Thursday, October 9, 2014

Cuba and the U.S. need to cooperate on fisheries

Cuba and the U.S. need to cooperate on fisheries
BY JOHN HEMINGWAY AND PATRICK HEMINGWAY
October 8, 2014

Recently, we traveled to Cuba to help celebrate two important
anniversaries honoring the legacy of our grandfather, Ernest Hemingway.

For five days, with a group of Americans that included marine scientists
under the auspices of the Latin America Working Group of Washington,
D.C., we experienced the hospitality and warmth of the Cuban people as
we celebrated our grandfather and had discussions on promoting U.S.-Cuba
cooperation to protect the marlin, tuna and other game fish of the
Florida Straits that are such an important part of the image that
Hemingway's generations of readers have had and continue to have of the
man and of his work.

Of the two anniversaries, the first was a celebration of Ernest's
arrival in Cuba 80 years ago aboard his beloved fishing boat, the Pilar,
after a trip across the Gulf Stream from Key West to Havana. The other
anniversary is of our grandfather's 1954 Nobel Prize in literature.

He later donated the gold medal to the people of Cuba, saying, "This
award belongs to Cuba, because my works were created and conceived in
Cuba, in my village of Cojimar, of which I am a citizen."

On our first day, we traveled by boat to Cojimar harbor, cruising down
the coast in fishing boats similar to the Pilar from the Hemingway
Marina near Havana. More than 100 people greeted and embraced us that
morning in an outpouring of love and respect that made us realize just
how deeply Ernest felt about being a citizen of Cojimar. We talked with
fishermen in their 80s who had known Ernest when they were boys, and we
hugged and posed for photos with groups of school children.

We had lunch at his favorite restaurant, La Terraza, sitting at his
favorite table and looking at many photographs of him on the wall.

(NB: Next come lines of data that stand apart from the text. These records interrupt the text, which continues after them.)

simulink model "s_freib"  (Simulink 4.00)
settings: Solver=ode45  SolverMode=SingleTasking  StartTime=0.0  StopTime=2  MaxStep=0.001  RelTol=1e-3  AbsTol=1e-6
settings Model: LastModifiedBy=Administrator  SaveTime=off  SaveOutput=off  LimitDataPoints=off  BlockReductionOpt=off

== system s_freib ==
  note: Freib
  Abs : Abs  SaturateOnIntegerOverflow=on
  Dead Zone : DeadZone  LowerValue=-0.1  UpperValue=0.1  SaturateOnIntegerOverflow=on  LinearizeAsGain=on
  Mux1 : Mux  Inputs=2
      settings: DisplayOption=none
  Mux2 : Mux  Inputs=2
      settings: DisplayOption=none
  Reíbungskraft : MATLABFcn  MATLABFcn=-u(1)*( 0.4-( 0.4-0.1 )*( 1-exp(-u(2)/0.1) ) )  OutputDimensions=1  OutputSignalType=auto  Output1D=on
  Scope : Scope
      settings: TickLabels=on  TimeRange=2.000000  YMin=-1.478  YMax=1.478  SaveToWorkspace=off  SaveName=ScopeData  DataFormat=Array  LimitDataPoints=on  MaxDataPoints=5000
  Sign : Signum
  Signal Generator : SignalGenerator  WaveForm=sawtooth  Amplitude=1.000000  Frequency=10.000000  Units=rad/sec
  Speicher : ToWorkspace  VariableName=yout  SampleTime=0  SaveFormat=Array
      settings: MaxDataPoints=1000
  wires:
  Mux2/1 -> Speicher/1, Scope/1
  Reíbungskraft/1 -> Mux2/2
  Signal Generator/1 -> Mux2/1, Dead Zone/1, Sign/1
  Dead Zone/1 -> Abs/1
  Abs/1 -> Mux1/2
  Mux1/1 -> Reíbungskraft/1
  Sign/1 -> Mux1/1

A few days later, we helped celebrate the 60th anniversary of our
grandfather's Nobel Prize in literature, given to him in large part for
his enduring tale of a Cuban fisherman's struggle to capture a giant
marlin with just bait and tackle and a tiny skiff, and of his eventual
defeat.

"The Old Man and the Sea" is a classic of American literature, and we
were afforded the rare honor and privilege of seeing and holding the
actual Nobel medal, which our Cuban hosts graciously brought to the
Finca Vigia from its usual repository at the sanctuary of La Virgen de
la Caridad del Cobre outside Santiago de Cuba. Touring our grandfather's
house and lingering over the photographs, books and other personal items
collected over a lifetime -- which included living in Cuba for more than
20 years -- we could easily see just how much he truly was a citizen of
this island.

In addition to being an avid sports fisherman, our grandfather was a
devoted naturalist who kept meticulous records of the marlin, tuna and
other varieties for which he fished in the Gulf. In the summer of 1934
he joined forces with the Academy of Natural Sciences of Philadelphia to
learn more about these highly migratory species, and the specimens and
records he collected and kept now exist as the Hemingway Archive at the
museum in Philadelphia.

Our grandfather acquired this visceral need to explore and understand
nature from his father, Dr. Clarence Hemingway, on fishing trips they
took into the Upper Peninsula of Michigan in the early 1900s. In turn,
this passion was passed down to our grandfather's sons and, finally,
from our father to his children. This love and respect for the natural
world and all its resources is a family legacy, one that we would like
to see manifested in U.S.-Cuba cooperation to protect the resources of
the Florida Straits, despite restrictions on trade, travel and
scientific cooperation against Cuba in place since 1961.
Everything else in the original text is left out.